## Prompt
Only one stretch of the data is wanted: the line containing "#36=VECTOR('',#35,1.);", the line containing "#75=FACE_BOUND('',#74,.T.);", and every line between them, copied exactly.

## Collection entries
########################################
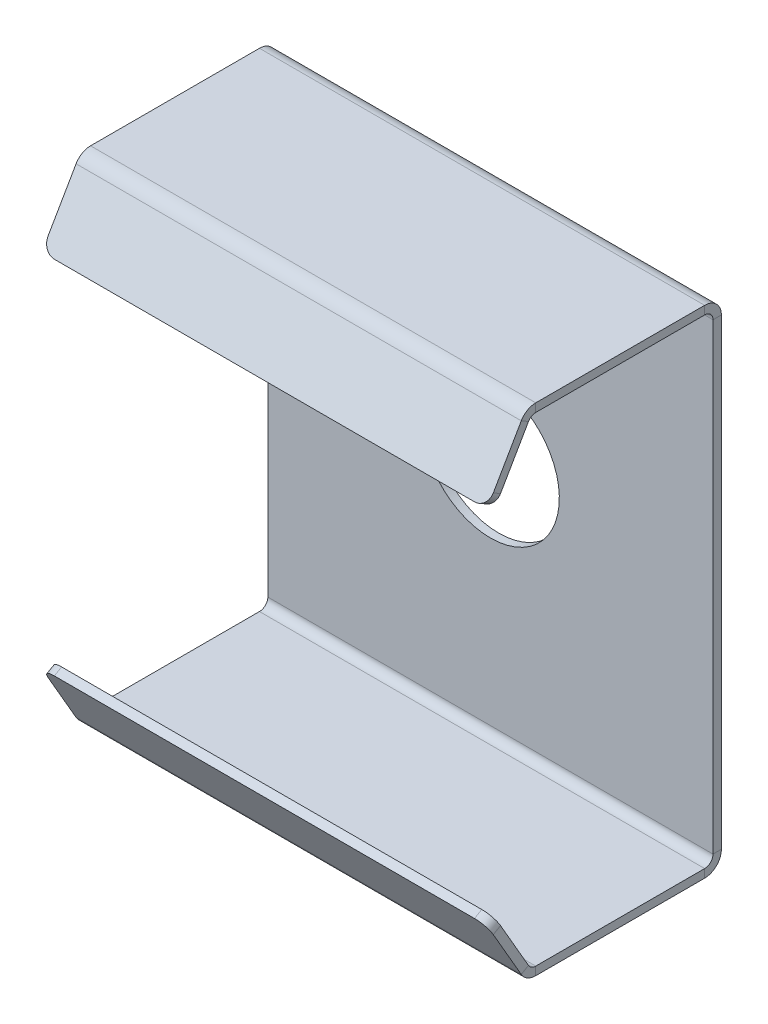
ISO-10303-21;
HEADER;
FILE_DESCRIPTION(('STEP AP214'),'2;1');
FILE_NAME('part.step','',(''),(''),'','','');
FILE_SCHEMA(('AUTOMOTIVE_DESIGN { 1 0 10303 214 1 1 1 1 }'));
ENDSEC;
DATA;
#1=APPLICATION_CONTEXT('core data for automotive mechanical design processes');
#2=APPLICATION_PROTOCOL_DEFINITION('international standard','automotive_design',2000,#1);
#3=PRODUCT_CONTEXT('',#1,'mechanical');
#4=PRODUCT('Part','Part','',(#3));
#5=PRODUCT_RELATED_PRODUCT_CATEGORY('part','',(#4));
#6=PRODUCT_DEFINITION_FORMATION('','',#4);
#7=PRODUCT_DEFINITION_CONTEXT('part definition',#1,'design');
#8=PRODUCT_DEFINITION('design','',#6,#7);
#9=PRODUCT_DEFINITION_SHAPE('','',#8);
#10=(LENGTH_UNIT() NAMED_UNIT(*) SI_UNIT(.MILLI.,.METRE.));
#11=(NAMED_UNIT(*) PLANE_ANGLE_UNIT() SI_UNIT($,.RADIAN.));
#12=(NAMED_UNIT(*) SI_UNIT($,.STERADIAN.) SOLID_ANGLE_UNIT());
#13=UNCERTAINTY_MEASURE_WITH_UNIT(LENGTH_MEASURE(1.E-05),#10,'distance_accuracy_value','');
#14=(GEOMETRIC_REPRESENTATION_CONTEXT(3) GLOBAL_UNCERTAINTY_ASSIGNED_CONTEXT((#13)) GLOBAL_UNIT_ASSIGNED_CONTEXT((#10,
#11,#12)) REPRESENTATION_CONTEXT('',''));
#15=CARTESIAN_POINT('',(0.,0.,0.));
#16=DIRECTION('',(0.,0.,1.));
#17=DIRECTION('',(1.,0.,0.));
#18=AXIS2_PLACEMENT_3D('',#15,#16,#17);
#19=CARTESIAN_POINT('',(2.56286760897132E-13,-73.4431932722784,-4.03249468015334));
#20=DIRECTION('',(0.,-0.5,0.866025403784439));
#21=DIRECTION('',(-1.,0.,0.));
#22=AXIS2_PLACEMENT_3D('',#19,#20,#21);
#23=PLANE('',#22);
#24=CARTESIAN_POINT('',(-25.15,-22.399038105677,25.4378620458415));
#25=DIRECTION('',(0.,-0.5,0.866025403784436));
#26=DIRECTION('',(-0.707106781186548,0.61237243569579,0.35355339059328));
#27=AXIS2_PLACEMENT_3D('',#24,#25,#26);
#28=CIRCLE('',#27,1.5);
#29=CARTESIAN_POINT('',(-25.15,-21.1,26.1878620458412));
#30=VERTEX_POINT('',#29);
#31=CARTESIAN_POINT('',(-26.65,-22.3990381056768,25.4378620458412));
#32=VERTEX_POINT('',#31);
#33=EDGE_CURVE('E380',#30,#32,#28,.T.);
#34=ORIENTED_EDGE('',*,*,#33,.F.);
#35=DIRECTION('',(-1.,0.,0.));
#36=VECTOR('',#35,1.);
#37=CARTESIAN_POINT('',(26.65,-21.1,26.1878620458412));
#38=LINE('',#37,#36);
#39=CARTESIAN_POINT('',(25.15,-21.1,26.1878620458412));
#40=VERTEX_POINT('',#39);
#41=EDGE_CURVE('E436',#40,#30,#38,.T.);
#42=ORIENTED_EDGE('',*,*,#41,.F.);
#43=CARTESIAN_POINT('',(25.15,-22.3990381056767,25.4378620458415));
#44=DIRECTION('',(0.,-0.5,0.866025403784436));
#45=DIRECTION('',(0.707106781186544,0.612372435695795,0.35355339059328));
#46=AXIS2_PLACEMENT_3D('',#43,#44,#45);
#47=CIRCLE('',#46,1.5);
#48=CARTESIAN_POINT('',(26.65,-22.3990381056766,25.4378620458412));
#49=VERTEX_POINT('',#48);
#50=EDGE_CURVE('E447',#49,#40,#47,.T.);
#51=ORIENTED_EDGE('',*,*,#50,.F.);
#52=DIRECTION('',(0.,-0.866025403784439,-0.5));
#53=VECTOR('',#52,1.);
#54=CARTESIAN_POINT('',(26.65,-21.1,26.1878620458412));
#55=LINE('',#54,#53);
#56=CARTESIAN_POINT('',(26.65,-28.2,22.0886751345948));
#57=VERTEX_POINT('',#56);
#58=EDGE_CURVE('E440',#49,#57,#55,.T.);
#59=ORIENTED_EDGE('',*,*,#58,.T.);
#60=DIRECTION('',(1.,0.,0.));
#61=VECTOR('',#60,1.);
#62=CARTESIAN_POINT('',(0.,-28.2,22.0886751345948));
#63=LINE('',#62,#61);
#64=CARTESIAN_POINT('',(-26.65,-28.2,22.0886751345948));
#65=VERTEX_POINT('',#64);
#66=EDGE_CURVE('E388',#65,#57,#63,.T.);
#67=ORIENTED_EDGE('',*,*,#66,.F.);
#68=DIRECTION('',(0.,-0.866025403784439,-0.5));
#69=VECTOR('',#68,1.);
#70=CARTESIAN_POINT('',(-26.65,-21.1,26.1878620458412));
#71=LINE('',#70,#69);
#72=EDGE_CURVE('E25',#32,#65,#71,.T.);
#73=ORIENTED_EDGE('',*,*,#72,.F.);
#74=EDGE_LOOP('',(#34,#42,#51,#59,#67,#73));
#75=FACE_BOUND('',#74,.T.);
#76=ADVANCED_FACE('F14',(#75),#23,.F.);
#77=CARTESIAN_POINT('',(0.,-27.7,21.2226497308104));
#78=DIRECTION('',(1.,0.,0.));
#79=DIRECTION('',(0.,-0.5,0.866025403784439));
#80=AXIS2_PLACEMENT_3D('',#77,#78,#79);
#81=CYLINDRICAL_SURFACE('',#80,2.);
#82=DIRECTION('',(-1.,0.,0.));
#83=VECTOR('',#82,1.);
#84=CARTESIAN_POINT('',(1.0376522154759E-13,-29.7,21.2226497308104));
#85=LINE('',#84,#83);
#86=CARTESIAN_POINT('',(26.65,-29.7,21.2226497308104));
#87=VERTEX_POINT('',#86);
#88=CARTESIAN_POINT('',(-26.65,-29.7,21.2226497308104));
#89=VERTEX_POINT('',#88);
#90=EDGE_CURVE('E295',#87,#89,#85,.T.);
#91=ORIENTED_EDGE('',*,*,#90,.F.);
#92=CARTESIAN_POINT('',(26.65,-27.7,21.2226497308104));
#93=DIRECTION('',(1.,0.,0.));
#94=DIRECTION('',(0.,-0.499999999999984,0.866025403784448));
#95=AXIS2_PLACEMENT_3D('',#92,#93,#94);
#96=CIRCLE('',#95,2.);
#97=CARTESIAN_POINT('',(26.65,-28.7,22.9547005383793));
#98=VERTEX_POINT('',#97);
#99=EDGE_CURVE('E9',#98,#87,#96,.T.);
#100=ORIENTED_EDGE('',*,*,#99,.F.);
#101=DIRECTION('',(-1.,0.,0.));
#102=VECTOR('',#101,1.);
#103=CARTESIAN_POINT('',(1.00273740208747E-13,-28.7,22.9547005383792));
#104=LINE('',#103,#102);
#105=CARTESIAN_POINT('',(-26.65,-28.7,22.9547005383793));
#106=VERTEX_POINT('',#105);
#107=EDGE_CURVE('E302',#98,#106,#104,.T.);
#108=ORIENTED_EDGE('',*,*,#107,.T.);
#109=CARTESIAN_POINT('',(-26.65,-27.7,21.2226497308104));
#110=DIRECTION('',(-1.,0.,0.));
#111=DIRECTION('',(0.,-1.,0.));
#112=AXIS2_PLACEMENT_3D('',#109,#110,#111);
#113=CIRCLE('',#112,2.);
#114=EDGE_CURVE('E156',#89,#106,#113,.T.);
#115=ORIENTED_EDGE('',*,*,#114,.F.);
#116=EDGE_LOOP('',(#91,#100,#108,#115));
#117=FACE_BOUND('',#116,.T.);
#118=ADVANCED_FACE('F666',(#117),#81,.T.);
#119=CARTESIAN_POINT('',(26.65,21.1,26.1878620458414));
#120=DIRECTION('',(0.,-0.866025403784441,0.5));
#121=DIRECTION('',(-1.,0.,0.));
#122=AXIS2_PLACEMENT_3D('',#119,#120,#121);
#123=PLANE('',#122);
#124=DIRECTION('',(0.,0.5,0.86602540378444));
#125=VECTOR('',#124,1.);
#126=CARTESIAN_POINT('',(-25.15,21.0999999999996,26.1878620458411));
#127=LINE('',#126,#125);
#128=CARTESIAN_POINT('',(-25.15,21.1,26.1878620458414));
#129=VERTEX_POINT('',#128);
#130=CARTESIAN_POINT('',(-25.15,21.6,27.0538874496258));
#131=VERTEX_POINT('',#130);
#132=EDGE_CURVE('E403',#129,#131,#127,.T.);
#133=ORIENTED_EDGE('',*,*,#132,.F.);
#134=DIRECTION('',(-1.,0.,0.));
#135=VECTOR('',#134,1.);
#136=CARTESIAN_POINT('',(26.65,21.1,26.1878620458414));
#137=LINE('',#136,#135);
#138=CARTESIAN_POINT('',(25.15,21.1,26.1878620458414));
#139=VERTEX_POINT('',#138);
#140=EDGE_CURVE('E332',#139,#129,#137,.T.);
#141=ORIENTED_EDGE('',*,*,#140,.F.);
#142=DIRECTION('',(0.,-0.5,-0.866025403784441));
#143=VECTOR('',#142,1.);
#144=CARTESIAN_POINT('',(25.15,21.1,26.1878620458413));
#145=LINE('',#144,#143);
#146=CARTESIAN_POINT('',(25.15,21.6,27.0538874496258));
########################################
## Solution to the exercise
#36=VECTOR('',#35,1.);
#37=CARTESIAN_POINT('',(26.65,-21.1,26.1878620458412));
#38=LINE('',#37,#36);
#39=CARTESIAN_POINT('',(25.15,-21.1,26.1878620458412));
#40=VERTEX_POINT('',#39);
#41=EDGE_CURVE('E436',#40,#30,#38,.T.);
#42=ORIENTED_EDGE('',*,*,#41,.F.);
#43=CARTESIAN_POINT('',(25.15,-22.3990381056767,25.4378620458415));
#44=DIRECTION('',(0.,-0.5,0.866025403784436));
#45=DIRECTION('',(0.707106781186544,0.612372435695795,0.35355339059328));
#46=AXIS2_PLACEMENT_3D('',#43,#44,#45);
#47=CIRCLE('',#46,1.5);
#48=CARTESIAN_POINT('',(26.65,-22.3990381056766,25.4378620458412));
#49=VERTEX_POINT('',#48);
#50=EDGE_CURVE('E447',#49,#40,#47,.T.);
#51=ORIENTED_EDGE('',*,*,#50,.F.);
#52=DIRECTION('',(0.,-0.866025403784439,-0.5));
#53=VECTOR('',#52,1.);
#54=CARTESIAN_POINT('',(26.65,-21.1,26.1878620458412));
#55=LINE('',#54,#53);
#56=CARTESIAN_POINT('',(26.65,-28.2,22.0886751345948));
#57=VERTEX_POINT('',#56);
#58=EDGE_CURVE('E440',#49,#57,#55,.T.);
#59=ORIENTED_EDGE('',*,*,#58,.T.);
#60=DIRECTION('',(1.,0.,0.));
#61=VECTOR('',#60,1.);
#62=CARTESIAN_POINT('',(0.,-28.2,22.0886751345948));
#63=LINE('',#62,#61);
#64=CARTESIAN_POINT('',(-26.65,-28.2,22.0886751345948));
#65=VERTEX_POINT('',#64);
#66=EDGE_CURVE('E388',#65,#57,#63,.T.);
#67=ORIENTED_EDGE('',*,*,#66,.F.);
#68=DIRECTION('',(0.,-0.866025403784439,-0.5));
#69=VECTOR('',#68,1.);
#70=CARTESIAN_POINT('',(-26.65,-21.1,26.1878620458412));
#71=LINE('',#70,#69);
#72=EDGE_CURVE('E25',#32,#65,#71,.T.);
#73=ORIENTED_EDGE('',*,*,#72,.F.);
#74=EDGE_LOOP('',(#34,#42,#51,#59,#67,#73));
#75=FACE_BOUND('',#74,.T.);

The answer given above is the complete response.